Health Minister Yaakov Litzman (United Torah Judaism) has consistently opposed regulation that would have required cigarette manufacturers to place warning pictures on cigarette packages, saying they are “unaesthetic.”

During a series of meetings held by the Knesset on the subject between 2011 and 2014, Litzman voiced his opposition to the idea, despite the recommendations of experts who said the introduction of labels depicting the deleterious effects of smoking helped to reduce the habit in other countries.

At one point he vowed, “With the help of God we won’t approve this,” adding, “We don’t need to disfigure the state with such images,” according to a Channel 2 report Sunday.

Litzman headed up the Health Ministry from 2009 to 2013, despite possessing the official title of deputy health minister during that period.

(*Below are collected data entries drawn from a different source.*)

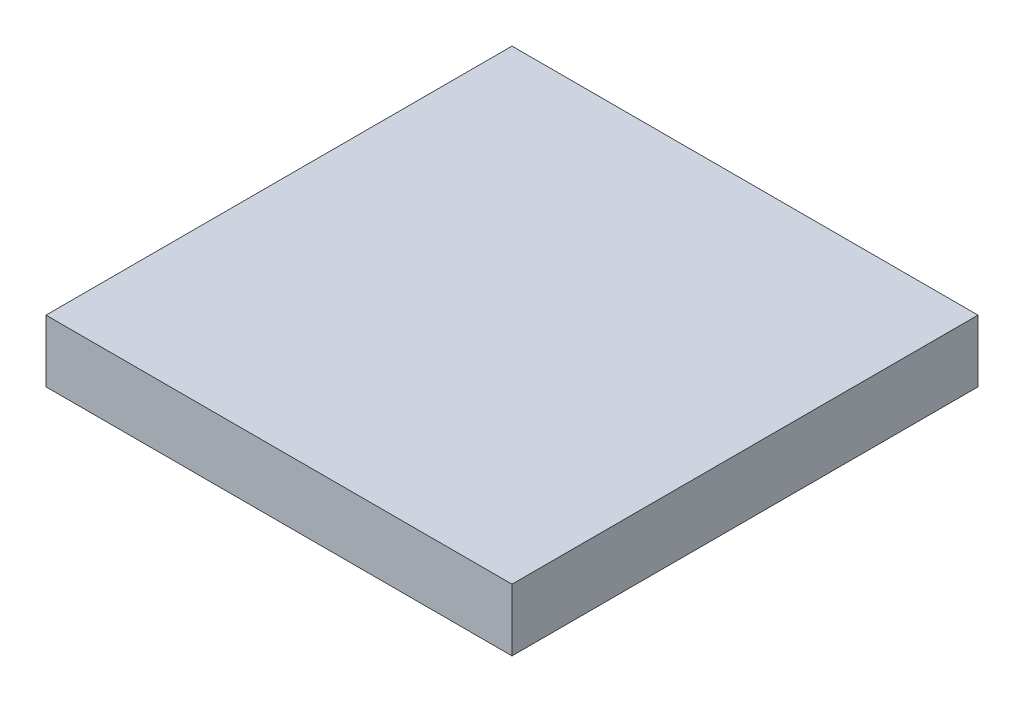
ISO-10303-21;
HEADER;
FILE_DESCRIPTION(('STEP AP214'),'2;1');
FILE_NAME('part.step','',(''),(''),'','','');
FILE_SCHEMA(('AUTOMOTIVE_DESIGN { 1 0 10303 214 1 1 1 1 }'));
ENDSEC;
DATA;
#1=APPLICATION_CONTEXT('core data for automotive mechanical design processes');
#2=APPLICATION_PROTOCOL_DEFINITION('international standard','automotive_design',2000,#1);
#3=PRODUCT_CONTEXT('',#1,'mechanical');
#4=PRODUCT('Part','Part','',(#3));
#5=PRODUCT_RELATED_PRODUCT_CATEGORY('part','',(#4));
#6=PRODUCT_DEFINITION_FORMATION('','',#4);
#7=PRODUCT_DEFINITION_CONTEXT('part definition',#1,'design');
#8=PRODUCT_DEFINITION('design','',#6,#7);
#9=PRODUCT_DEFINITION_SHAPE('','',#8);
#10=(LENGTH_UNIT() NAMED_UNIT(*) SI_UNIT(.MILLI.,.METRE.));
#11=(NAMED_UNIT(*) PLANE_ANGLE_UNIT() SI_UNIT($,.RADIAN.));
#12=(NAMED_UNIT(*) SI_UNIT($,.STERADIAN.) SOLID_ANGLE_UNIT());
#13=UNCERTAINTY_MEASURE_WITH_UNIT(LENGTH_MEASURE(1.E-05),#10,'distance_accuracy_value','');
#14=(GEOMETRIC_REPRESENTATION_CONTEXT(3) GLOBAL_UNCERTAINTY_ASSIGNED_CONTEXT((#13)) GLOBAL_UNIT_ASSIGNED_CONTEXT((#10,
#11,#12)) REPRESENTATION_CONTEXT('',''));
#15=CARTESIAN_POINT('',(0.,0.,0.));
#16=DIRECTION('',(0.,0.,1.));
#17=DIRECTION('',(1.,0.,0.));
#18=AXIS2_PLACEMENT_3D('',#15,#16,#17);
#19=CARTESIAN_POINT('',(-128.965517241379,40.,-82.7586206896552));
#20=DIRECTION('',(1.,0.,0.));
#21=DIRECTION('',(0.,0.,-1.));
#22=AXIS2_PLACEMENT_3D('',#19,#20,#21);
#23=PLANE('',#22);
#24=DIRECTION('',(0.,0.,1.));
#25=VECTOR('',#24,1.);
#26=CARTESIAN_POINT('',(-128.965517241379,0.,-82.7586206896552));
#27=LINE('',#26,#25);
#28=CARTESIAN_POINT('',(-128.965517241379,0.,-82.7586206896552));
#29=VERTEX_POINT('',#28);
#30=CARTESIAN_POINT('',(-128.965517241379,0.,217.241379310345));
#31=VERTEX_POINT('',#30);
#32=EDGE_CURVE('E107',#29,#31,#27,.T.);
#33=ORIENTED_EDGE('',*,*,#32,.T.);
#34=DIRECTION('',(0.,-1.,0.));
#35=VECTOR('',#34,1.);
#36=CARTESIAN_POINT('',(-128.965517241379,40.,217.241379310345));
#37=LINE('',#36,#35);
#38=CARTESIAN_POINT('',(-128.965517241379,40.,217.241379310345));
#39=VERTEX_POINT('',#38);
#40=EDGE_CURVE('E11',#39,#31,#37,.T.);
#41=ORIENTED_EDGE('',*,*,#40,.F.);
#42=DIRECTION('',(0.,0.,1.));
#43=VECTOR('',#42,1.);
#44=CARTESIAN_POINT('',(-128.965517241379,40.,-82.7586206896552));
#45=LINE('',#44,#43);
#46=CARTESIAN_POINT('',(-128.965517241379,40.,-82.7586206896552));
#47=VERTEX_POINT('',#46);
#48=EDGE_CURVE('E91',#47,#39,#45,.T.);
#49=ORIENTED_EDGE('',*,*,#48,.F.);
#50=DIRECTION('',(0.,-1.,0.));
#51=VECTOR('',#50,1.);
#52=CARTESIAN_POINT('',(-128.965517241379,40.,-82.7586206896552));
#53=LINE('',#52,#51);
#54=EDGE_CURVE('E103',#47,#29,#53,.T.);
#55=ORIENTED_EDGE('',*,*,#54,.T.);
#56=EDGE_LOOP('',(#33,#41,#49,#55));
#57=FACE_BOUND('',#56,.T.);
#58=ADVANCED_FACE('F39',(#57),#23,.F.);
#59=CARTESIAN_POINT('',(-128.965517241379,40.,217.241379310345));
#60=DIRECTION('',(0.,0.,-1.));
#61=DIRECTION('',(-1.,0.,0.));
#62=AXIS2_PLACEMENT_3D('',#59,#60,#61);
#63=PLANE('',#62);
#64=DIRECTION('',(1.,0.,0.));
#65=VECTOR('',#64,1.);
#66=CARTESIAN_POINT('',(-128.965517241379,0.,217.241379310345));
#67=LINE('',#66,#65);
#68=CARTESIAN_POINT('',(171.034482758621,0.,217.241379310345));
#69=VERTEX_POINT('',#68);
#70=EDGE_CURVE('E96',#31,#69,#67,.T.);
#71=ORIENTED_EDGE('',*,*,#70,.T.);
#72=DIRECTION('',(0.,-1.,0.));
#73=VECTOR('',#72,1.);
#74=CARTESIAN_POINT('',(171.034482758621,40.,217.241379310345));
#75=LINE('',#74,#73);
#76=CARTESIAN_POINT('',(171.034482758621,40.,217.241379310345));
#77=VERTEX_POINT('',#76);
#78=EDGE_CURVE('E48',#77,#69,#75,.T.);
#79=ORIENTED_EDGE('',*,*,#78,.F.);
#80=DIRECTION('',(1.,0.,0.));
#81=VECTOR('',#80,1.);
#82=CARTESIAN_POINT('',(-128.965517241379,40.,217.241379310345));
#83=LINE('',#82,#81);
#84=EDGE_CURVE('E86',#39,#77,#83,.T.);
#85=ORIENTED_EDGE('',*,*,#84,.F.);
#86=ORIENTED_EDGE('',*,*,#40,.T.);
#87=EDGE_LOOP('',(#71,#79,#85,#86));
#88=FACE_BOUND('',#87,.T.);
#89=ADVANCED_FACE('F95',(#88),#63,.F.);
#90=CARTESIAN_POINT('',(171.034482758621,40.,-82.7586206896552));
#91=DIRECTION('',(-1.,0.,0.));
#92=DIRECTION('',(0.,0.,1.));
#93=AXIS2_PLACEMENT_3D('',#90,#91,#92);
#94=PLANE('',#93);
#95=DIRECTION('',(0.,0.,-1.));
#96=VECTOR('',#95,1.);
#97=CARTESIAN_POINT('',(171.034482758621,0.,-82.7586206896552));
#98=LINE('',#97,#96);
#99=CARTESIAN_POINT('',(171.034482758621,0.,-82.7586206896552));
#100=VERTEX_POINT('',#99);
#101=EDGE_CURVE('E73',#69,#100,#98,.T.);
#102=ORIENTED_EDGE('',*,*,#101,.T.);
#103=DIRECTION('',(0.,-1.,0.));
#104=VECTOR('',#103,1.);
#105=CARTESIAN_POINT('',(171.034482758621,40.,-82.7586206896552));
#106=LINE('',#105,#104);
#107=CARTESIAN_POINT('',(171.034482758621,40.,-82.7586206896552));
#108=VERTEX_POINT('',#107);
#109=EDGE_CURVE('E98',#108,#100,#106,.T.);
#110=ORIENTED_EDGE('',*,*,#109,.F.);
#111=DIRECTION('',(0.,0.,-1.));
#112=VECTOR('',#111,1.);
#113=CARTESIAN_POINT('',(171.034482758621,40.,-82.7586206896552));
#114=LINE('',#113,#112);
#115=EDGE_CURVE('E89',#77,#108,#114,.T.);
#116=ORIENTED_EDGE('',*,*,#115,.F.);
#117=ORIENTED_EDGE('',*,*,#78,.T.);
#118=EDGE_LOOP('',(#102,#110,#116,#117));
#119=FACE_BOUND('',#118,.T.);
#120=ADVANCED_FACE('F99',(#119),#94,.F.);
#121=CARTESIAN_POINT('',(-128.965517241379,40.,-82.7586206896552));
#122=DIRECTION('',(0.,0.,1.));
#123=DIRECTION('',(1.,0.,0.));
#124=AXIS2_PLACEMENT_3D('',#121,#122,#123);
#125=PLANE('',#124);
#126=DIRECTION('',(-1.,0.,0.));
#127=VECTOR('',#126,1.);
#128=CARTESIAN_POINT('',(-128.965517241379,0.,-82.7586206896552));
#129=LINE('',#128,#127);
#130=EDGE_CURVE('E79',#100,#29,#129,.T.);
#131=ORIENTED_EDGE('',*,*,#130,.T.);
#132=ORIENTED_EDGE('',*,*,#54,.F.);
#133=DIRECTION('',(-1.,0.,0.));
#134=VECTOR('',#133,1.);
#135=CARTESIAN_POINT('',(-128.965517241379,40.,-82.7586206896552));
#136=LINE('',#135,#134);
#137=EDGE_CURVE('E56',#108,#47,#136,.T.);
#138=ORIENTED_EDGE('',*,*,#137,.F.);
#139=ORIENTED_EDGE('',*,*,#109,.T.);
#140=EDGE_LOOP('',(#131,#132,#138,#139));
#141=FACE_BOUND('',#140,.T.);
#142=ADVANCED_FACE('F120',(#141),#125,.F.);
#143=CARTESIAN_POINT('',(0.,40.,0.));
#144=DIRECTION('',(0.,1.,0.));
#145=DIRECTION('',(0.,0.,1.));
#146=AXIS2_PLACEMENT_3D('',#143,#144,#145);
#147=PLANE('',#146);
#148=ORIENTED_EDGE('',*,*,#48,.T.);
#149=ORIENTED_EDGE('',*,*,#84,.T.);
#150=ORIENTED_EDGE('',*,*,#115,.T.);
#151=ORIENTED_EDGE('',*,*,#137,.T.);
#152=EDGE_LOOP('',(#148,#149,#150,#151));
#153=FACE_BOUND('',#152,.T.);
#154=ADVANCED_FACE('F87',(#153),#147,.T.);
#155=CARTESIAN_POINT('',(0.,0.,0.));
#156=DIRECTION('',(0.,1.,0.));
#157=DIRECTION('',(0.,0.,1.));
#158=AXIS2_PLACEMENT_3D('',#155,#156,#157);
#159=PLANE('',#158);
#160=ORIENTED_EDGE('',*,*,#32,.F.);
#161=ORIENTED_EDGE('',*,*,#130,.F.);
#162=ORIENTED_EDGE('',*,*,#101,.F.);
#163=ORIENTED_EDGE('',*,*,#70,.F.);
#164=EDGE_LOOP('',(#160,#161,#162,#163));
#165=FACE_BOUND('',#164,.T.);
#166=ADVANCED_FACE('F123',(#165),#159,.F.);
#167=CLOSED_SHELL('',(#58,#89,#120,#142,#154,#166));
#168=MANIFOLD_SOLID_BREP('B2',#167);
#169=ADVANCED_BREP_SHAPE_REPRESENTATION('',(#18,#168),#14);
#170=SHAPE_DEFINITION_REPRESENTATION(#9,#169);
ENDSEC;
END-ISO-10303-21;

In 2015, after a two-year hiatus for his party in the opposition, during which Yesh Atid’s Yael German served as health minister, he was appointed full health minister.

He vigorously opposed the introduction of warning labels on cigarette packages while deputy minister, a stance he maintained during the tenure of German, who was in favor of the move but was ultimately unable to implement it.

Litzman has recently come under scrutiny for other policies and statements that seemed to serve the interests of the tobacco companies, including hindering some efforts to curb cigarette ads.

A number of countries that have introduced graphic labels depicting the health effects of smoking, most notably Australia, which prohibits any branding on cigarette packages, have seen reductions in the number of cigarette smokers since the measures went into effect.

Israeli women smoke cigarettes while spending time at a cafe in central Tel Aviv. (Kobi Gideon / FLASH90)
Israeli women smoke cigarettes while spending time at a cafe in central Tel Aviv. (Kobi Gideon / FLASH90)

In January, a Health Ministry official told the Knesset’s Special Committee on Drug and Alcohol Abuse that the ministry would take a number of far-reaching steps to curb cigarette consumption in Israel.

Overall, 26 percent of Israeli men smoke cigarettes, a 2015 report found, slightly above the European Union average of 24.2%. However, among Arab men the figure is much higher, at 44%, double the 22% figure among Jewish men.

Among women, just 13.6% of adults smoke cigarettes, a bit below the EU’s 15.5%.

While the number of total cigarettes packs consumed annually in Israel has declined in recent years, according to the Health Ministry, approximately 8,000 Israelis die each year for reasons linked to smoking, among them 700 nonsmokers who are subject to secondhand smoke.